Henry Baker and Parker released Micro-SPL in September 1979. Micro-SPL was intended to be used as a systems programming language on the Xerox Alto workstation computer, which was normally programmed in BCPL. The Alto used a microcode system which the BCPL compiler output. Micro-SPL output the same format, allowing BCPL programs to call Micro-SPL programs.

Aside from differences in syntax, the main difference between Micro-SPL and BCPL, and the reason for its existence, was that Micro-SPL produced code that was many times faster than the native BCPL compiler. In general, Micro-SPL programs were expected to run about ten times as fast as BCPL, and about half as fast as good hand-written microcode. In comparison to microcode, they claimed it would take half as long to write and 10% of the time to debug it.

===Action!===
It was during this period that Parker purchased an Atari computer for use at home. He was disappointed with the lack of development systems for it, which was the impetus for creating Action! Parker considered releasing the system himself, but decided to partner with Optimized Systems Software (OSS) for sales and distribution. OSS focused on utilities and programming languages like BASIC XL, so this was a natural fit for Action! Sales were strong enough for Parker to make a living off the royalties for several years.

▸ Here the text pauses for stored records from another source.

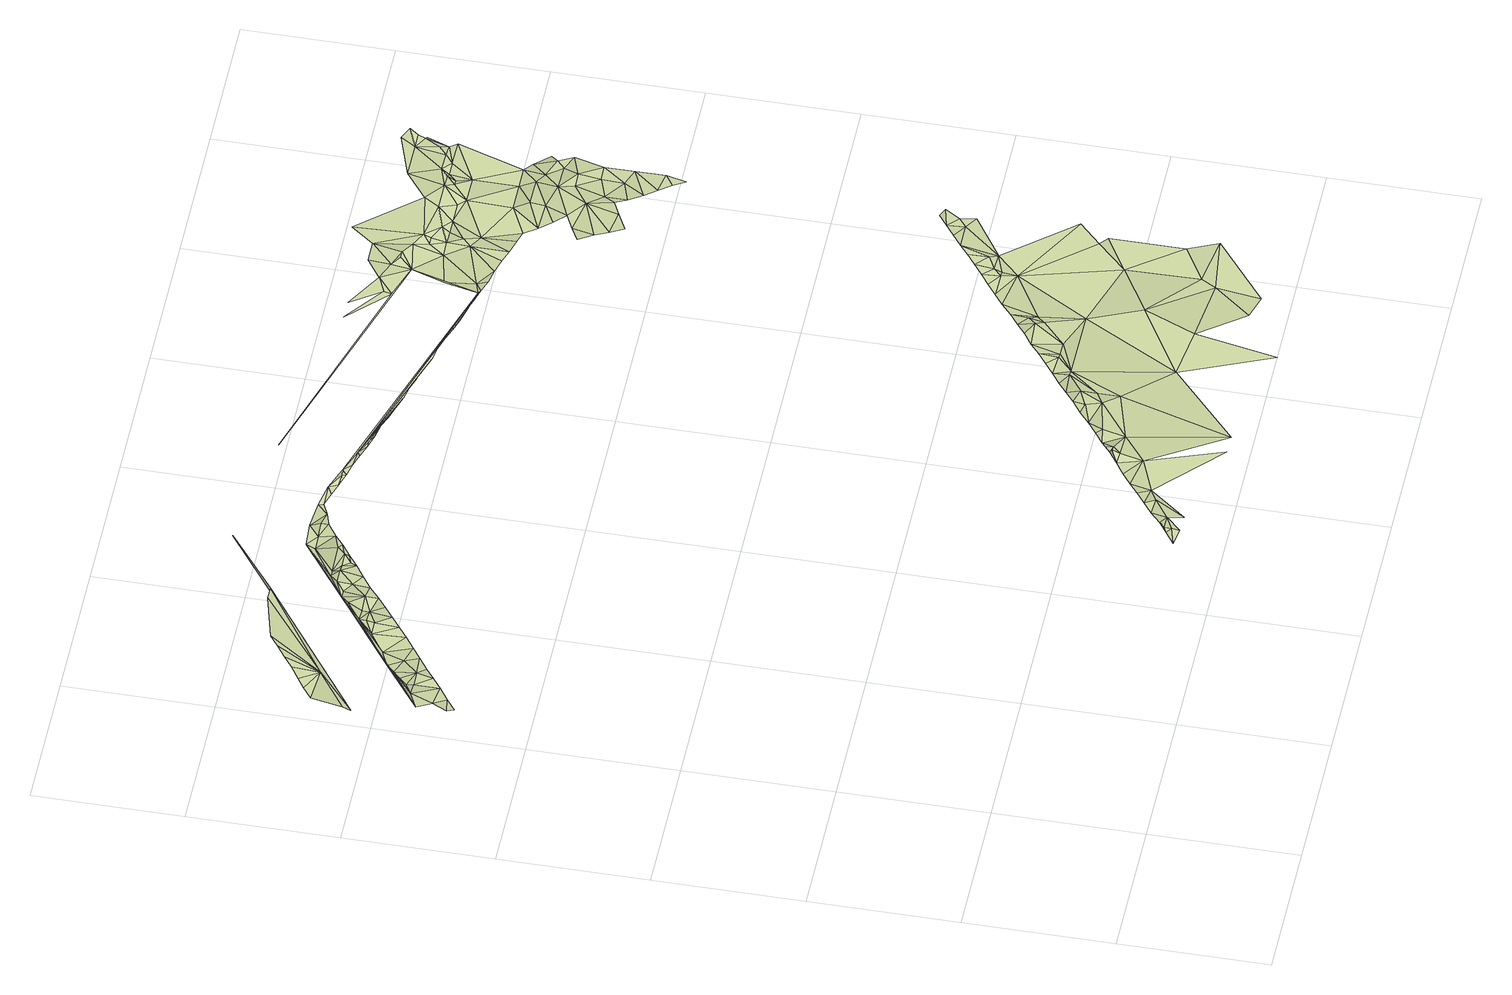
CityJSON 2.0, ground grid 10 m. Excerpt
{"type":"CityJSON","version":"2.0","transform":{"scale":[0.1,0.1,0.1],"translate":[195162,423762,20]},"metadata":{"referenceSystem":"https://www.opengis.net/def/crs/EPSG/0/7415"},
"CityObjects":{
"landuse1":{"type":"LandUse","attributes":{"3df_class":"Terrain","bgt_fysiekvoorkomen":"erf","bgt_status":"bestaand","identificatienamespace":"NL.IMGeo","onbegroeidterreindeeloptalud":"false","relatievehoogteligging":0,"aantal_punten":0},"geometry":[{"type":"MultiSurface","lod":"1","boundaries":[[[0,1,2]],[[3,0,2]],[[4,3,5]],[[3,2,6]],[[3,6,5]],[[7,8,9]],[[10,4,5]],[[11,5,6]],[[12,5,11]],[[8,7,13]],[[14,5,12]],[[11,6,15]],[[16,12,11]],[[5,14,10]],[[17,4,10]],[[15,16,11]],[[18,13,7]],[[14,12,16]],[[16,15,19]],[[14,16,10]],[[20,18,7]],[[21,10,16]],[[22,16,19]],[[23,20,7]],[[16,22,21]],[[17,10,21]],[[21,24,17]],[[25,23,7]],[[26,21,22]],[[4,17,27]],[[21,26,24]],[[28,7,9]],[[29,25,7]],[[24,26,30]],[[31,29,7]],[[32,17,24]],[[24,30,33]],[[24,33,32]],[[34,33,30]],[[7,35,31]],[[33,34,36]],[[17,32,27]],[[36,37,33]],[[33,37,32]],[[38,36,34]],[[37,36,39]],[[38,39,36]],[[37,39,32]],[[28,35,7]],[[4,27,40]],[[41,32,39]],[[38,42,39]],[[41,43,32]],[[44,28,9]],[[45,41,39]],[[39,42,46]],[[27,32,43]],[[45,43,41]],[[45,39,46]],[[43,45,27]],[[47,45,46]],[[45,48,27]],[[48,45,49]],[[49,45,47]],[[50,51,52]],[[53,51,50]],[[48,54,27]],[[48,49,54]],[[53,50,55]],[[54,56,27]],[[49,47,57]],[[53,55,58]],[[50,52,59]],[[55,50,59]],[[54,49,60]],[[49,57,60]],[[58,55,59]],[[54,60,56]],[[56,60,61]],[[59,62,58]],[[63,60,57]],[[56,40,27]],[[61,60,64]],[[60,63,64]],[[65,66,59]],[[64,63,67]],[[62,59,66]],[[61,64,68]],[[61,69,56]],[[67,63,70]],[[64,67,68]],[[66,71,62]],[[68,72,61]],[[67,70,68]],[[65,73,66]],[[61,72,69]],[[69,40,56]],[[70,74,68]],[[66,73,71]],[[68,74,72]],[[73,75,71]],[[72,74,76]],[[72,76,69]],[[73,77,75]],[[78,40,69]],[[76,78,69]],[[78,79,40]],[[76,80,78]],[[81,77,73]],[[78,80,82]],[[78,82,79]],[[83,77,81]],[[81,73,84]],[[85,82,80]],[[85,79,82]],[[83,81,86]],[[87,79,85]],[[88,86,81]],[[86,88,89]],[[89,90,86]],[[91,87,85]],[[89,88,92]],[[89,92,90]],[[88,81,93]],[[92,94,90]],[[94,95,90]],[[88,93,92]],[[92,95,94]],[[96,87,91]],[[81,97,93]],[[92,93,95]],[[98,96,91]],[[99,96,98]],[[93,100,95]],[[95,100,101]],[[102,96,99]],[[100,103,101]],[[104,102,99]],[[102,105,96]],[[93,97,106]],[[93,107,100]],[[104,105,102]],[[108,105,104]],[[100,107,103]],[[103,109,110]],[[105,108,111]],[[93,106,107]],[[103,107,109]],[[112,111,108]],[[109,113,110]],[[97,114,106]],[[115,111,112]],[[107,116,109]],[[109,116,113]],[[115,117,111]],[[106,118,107]],[[107,118,116]],[[119,113,116]],[[120,117,115]],[[111,117,121]],[[122,119,116]],[[120,121,117]],[[116,118,122]],[[106,123,118]],[[119,122,124]],[[125,121,120]],[[111,121,126]],[[106,114,123]],[[123,122,118]],[[122,127,124]],[[125,128,121]],[[122,123,127]],[[111,126,129]],[[128,126,121]],[[123,130,127]],[[111,129,131]],[[130,132,127]],[[114,133,134]],[[111,131,135]],[[105,111,136]],[[123,137,130]],[[130,138,132]],[[111,135,139]],[[114,140,123]],[[141,137,123]],[[137,138,130]],[[137,142,138]],[[111,139,143]],[[141,142,137]],[[140,141,123]],[[114,134,144]],[[111,143,145]],[[111,145,146]],[[147,142,141]],[[114,144,140]],[[147,148,142]],[[141,149,147]],[[149,141,140]],[[147,150,148]],[[147,151,150]],[[147,149,151]],[[136,111,146]],[[152,153,134]],[[149,140,154]],[[154,151,149]],[[150,151,155]],[[144,134,153]],[[151,154,155]],[[154,156,155]],[[153,152,157]],[[154,140,158]],[[159,140,144]],[[153,160,144]],[[154,158,156]],[[161,162,163]],[[144,160,159]],[[164,156,158]],[[159,158,140]],[[153,157,165]],[[166,164,167]],[[146,168,136]],[[164,158,167]],[[153,165,160]],[[168,169,136]],[[166,167,170]],[[160,171,159]],[[167,158,172]],[[170,167,173]],[[169,174,136]],[[173,167,172]],[[175,170,173]],[[165,171,160]],[[136,174,176]],[[158,177,172]],[[178,162,179]],[[158,159,180]],[[172,177,173]],[[175,173,181]],[[136,176,182]],[[173,177,181]],[[175,181,183]],[[159,171,184]],[[179,185,186]],[[136,182,187]],[[180,159,184]],[[185,179,162]],[[181,177,188]],[[183,181,188]],[[177,158,189]],[[136,187,190]],[[187,182,191]],[[158,180,189]],[[136,190,161]],[[161,185,162]],[[191,192,187]],[[188,177,193]],[[187,194,190]],[[185,161,195]],[[188,193,196]],[[185,195,197]],[[190,194,161]],[[192,198,187]],[[199,193,177]],[[161,200,195]],[[161,201,200]],[[192,202,198]],[[203,196,193]],[[194,187,198]],[[200,201,195]],[[201,161,204]],[[203,193,205]],[[195,206,197]],[[204,161,194]],[[198,202,207]],[[195,201,206]],[[193,199,205]],[[203,205,208]],[[203,208,209]],[[201,204,206]],[[194,210,204]],[[211,194,198]],[[212,198,207]],[[210,194,211]],[[212,207,213]],[[214,215,216]],[[211,198,217]],[[204,210,218]],[[204,218,206]],[[210,211,219]],[[217,198,212]],[[212,213,220]],[[210,219,218]],[[221,211,217]],[[222,223,224]],[[219,211,225]],[[206,218,226]],[[219,225,218]],[[225,211,221]],[[214,224,227]],[[217,212,228]],[[214,227,215]],[[221,217,228]],[[229,212,220]],[[224,223,227]],[[225,221,228]],[[229,220,230]],[[218,225,231]],[[232,215,227]],[[233,230,234]],[[218,235,226]],[[232,233,234]],[[228,231,225]],[[228,212,236]],[[223,237,227]],[[231,235,218]],[[230,233,238]],[[238,229,230]],[[236,212,229]],[[239,231,228]],[[240,227,237]],[[232,227,241]],[[237,242,240]],[[232,241,233]],[[228,236,239]],[[243,227,240]],[[244,245,242]],[[240,242,245]],[[246,229,238]],[[247,231,239]],[[238,233,248]],[[241,227,243]],[[231,247,235]],[[246,236,229]],[[249,244,250]],[[250,251,252]],[[247,239,236]],[[233,241,248]],[[243,240,253]],[[251,254,252]],[[253,240,245]],[[244,249,245]],[[248,246,238]],[[250,252,249]],[[247,236,255]],[[241,243,256]],[[247,257,235]],[[246,258,236]],[[256,243,253]],[[259,248,241]],[[255,236,258]],[[253,245,260]],[[247,255,261]],[[260,245,249]],[[241,256,262]],[[262,259,241]],[[256,253,260]],[[248,263,246]],[[261,255,264]],[[255,258,264]],[[247,261,265]],[[248,259,263]],[[263,258,246]],[[247,265,257]],[[264,266,261]],[[264,258,266]],[[256,260,267]],[[261,266,265]],[[262,268,259]],[[267,262,256]],[[269,263,259]],[[259,268,269]],[[266,258,270]],[[266,270,265]],[[262,267,268]],[[265,271,257]],[[268,272,269]],[[263,273,258]],[[265,270,274]],[[270,258,273]],[[265,274,271]],[[271,275,257]],[[270,276,274]],[[271,274,277]],[[274,276,277]],[[270,273,276]],[[277,278,271]],[[277,276,278]],[[278,279,271]],[[271,280,275]],[[279,280,271]],[[276,281,278]]]}]}
},
"vertices":[
[16,454,14],[20,450,12],[28,456,12],[21,464,14],[16,474,14],[26,479,15],[36,462,13],[36,539,13],[6,519,15],[6,514,13],[46,494,12],[36,479,13],[36,484,12],[12,541,13],[41,489,12],[44,468,13],[46,479,14],[51,499,12],[20,547,13],[52,474,12],[28,552,13],[56,489,13],[61,480,12],[37,558,13],[61,504,13],[45,564,13],[69,486,12],[106,539,12],[101,584,16],[53,570,14],[77,492,13],[61,576,14],[86,524,14],[76,514,13],[85,498,13],[91,584,17],[86,514,13],[86,519,14],[93,504,13],[96,519,12],[148,570,12],[96,524,12],[101,510,13],[101,534,13],[145,617,14],[106,524,15],[109,516,12],[117,523,12],[111,539,12],[116,534,14],[266,35,12],[255,32,10],[266,30,11],[263,38,11],[116,544,15],[266,40,12],[121,549,14],[125,529,13],[271,44,11],[276,40,11],[126,544,15],[126,549,13],[279,51,10],[134,535,13],[131,544,14],[281,30,8],[291,50,10],[136,539,13],[141,544,15],[146,564,11],[142,541,13],[287,57,10],[146,549,15],[301,55,8],[150,547,14],[295,63,10],[158,553,13],[303,69,9],[156,564,12],[165,571,12],[166,559,14],[326,65,8],[166,564,14],[311,75,9],[345,15,7],[176,562,13],[319,81,10],[183,569,13],[326,80,12],[326,85,14],[327,87,11],[185,566,12],[330,85,13],[345,80,8],[330,90,12],[334,93,11],[200,566,13],[360,15,5],[195,563,12],[204,560,12],[345,95,12],[342,99,11],[211,559,14],[350,105,11],[214,557,12],[217,560,13],[380,90,8],[370,100,10],[223,555,12],[365,110,12],[358,112,11],[236,554,11],[232,552,12],[366,118,12],[410,60,6],[242,549,11],[375,115,13],[246,549,11],[380,105,8],[374,124,11],[251,546,12],[261,544,13],[390,125,11],[395,125,9],[382,130,10],[261,544,12],[280,538,11],[390,136,10],[270,541,11],[289,535,11],[405,135,10],[298,533,11],[398,142,10],[435,0,6],[445,55,7],[308,530,11],[390,506,12],[410,135,8],[406,148,10],[317,527,11],[445,125,7],[420,135,7],[413,154,10],[327,524,11],[460,90,7],[336,522,12],[346,519,12],[430,155,12],[421,160,11],[435,150,9],[429,166,10],[435,160,11],[470,25,5],[490,50,5],[440,155,8],[437,172,10],[445,179,10],[485,20,6],[475,175,7],[495,110,5],[495,60,6],[400,551,15],[375,559,16],[231,604,13],[453,185,10],[530,55,5],[461,191,10],[470,185,10],[355,516,11],[364,513,11],[469,197,10],[520,75,6],[475,185,8],[475,190,10],[374,511,11],[477,203,10],[383,508,11],[490,190,7],[345,584,20],[375,564,17],[515,130,5],[485,195,10],[393,505,11],[485,209,10],[520,125,6],[385,569,19],[360,584,18],[400,509,10],[492,215,10],[530,145,5],[395,529,12],[402,502,11],[412,500,11],[510,215,9],[420,534,11],[400,564,17],[500,221,10],[400,579,18],[430,519,12],[520,210,7],[405,559,19],[410,559,19],[421,497,12],[508,227,10],[420,554,17],[515,220,10],[415,579,18],[430,494,12],[520,230,12],[516,233,10],[425,544,14],[430,534,13],[440,514,11],[440,491,12],[455,444,12],[459,459,11],[450,454,11],[435,524,13],[430,549,17],[430,544,15],[449,489,11],[440,534,12],[464,426,12],[475,432,13],[459,435,12],[440,539,16],[425,594,20],[480,454,14],[450,534,12],[470,499,11],[455,480,11],[455,544,18],[468,464,13],[475,479,12],[462,472,11],[460,554,20],[470,529,12],[485,437,13],[475,489,13],[465,534,12],[490,444,12],[490,474,15],[490,429,12],[495,464,13],[496,420,12],[505,434,11],[490,499,11],[475,544,18],[495,489,12],[515,429,13],[502,412,12],[508,404,12],[515,409,13],[505,449,12],[513,396,12],[480,539,15],[505,464,14],[480,569,19],[490,529,11],[500,484,14],[515,449,13],[485,544,16],[510,474,12],[505,499,11],[485,539,13],[490,549,17],[490,544,13],[520,469,13],[515,479,13],[510,494,12],[500,544,13],[505,569,18],[520,484,11],[520,544,11],[505,549,15],[510,579,20],[515,549,12],[510,554,16],[515,564,17],[515,569,19],[515,574,24],[520,564,13]
]}

The IBM PC had C compilers available, and Parker decided there was no point in porting Action! to that platform. As the sales of the Atari 8-bit computers wound down in North America, OSS wound down as well. Late in its history Action! distribution moved from OSS to Electronic Arts, but they did little with the language and sales ended shortly after. In a 2015 interview, Parker expressed his surprise in the level of interest in the language continued to receive, suggesting it was greater than it had been in the late 1980s.

==Reception==
Brian Moriarty, in a February 1984 review for ANALOG Computing, concluded that Action! was "one of the most valuable development tools ever published for the Atari." He cited the manual as the only weak point of the package, claiming it "suffers from lack of confidence, uncertain organization and a shortage of good, hard technical data."

Leo Laporte reviewed Action in the May/June 1984 edition of Hi-Res. He began the review, "This is the best thing to happen to Atari since Nolan Bushnell figured out people would play ping-pong on a TV screen." Laporte praised the editor, noting its split-screen and cut and paste capabilities and describing it as a "complete word processing system that's very responsive." He said that Action! ran about 200 times as fast as Atari BASIC, concluding that "This language is like a finely tuned racing car."

BYTE in 1985 praised the compilation and execution speed of software written in Action!. Using the Byte Sieve benchmark as a test, ten iterations of the sieve completed in 18 seconds in Action!, compared to 10 seconds for assembly and 38 minutes in BASIC. The magazine also lauded the language's editor. BYTE reported that the language resembled C closely enough to "routinely convert programs between the two", and approved of its pointer support. The magazine concluded that "Action! is easy to use, quick, and efficient. It can exploit the Atari's full power. Action! puts programming for the Atari in a whole new dimension".

Ian Chadwick wrote in Mapping the Atari that "Action! is probably the best language yet for the Atari; it's a bit like C and Pascal, with a dash of Forth. I recommend it."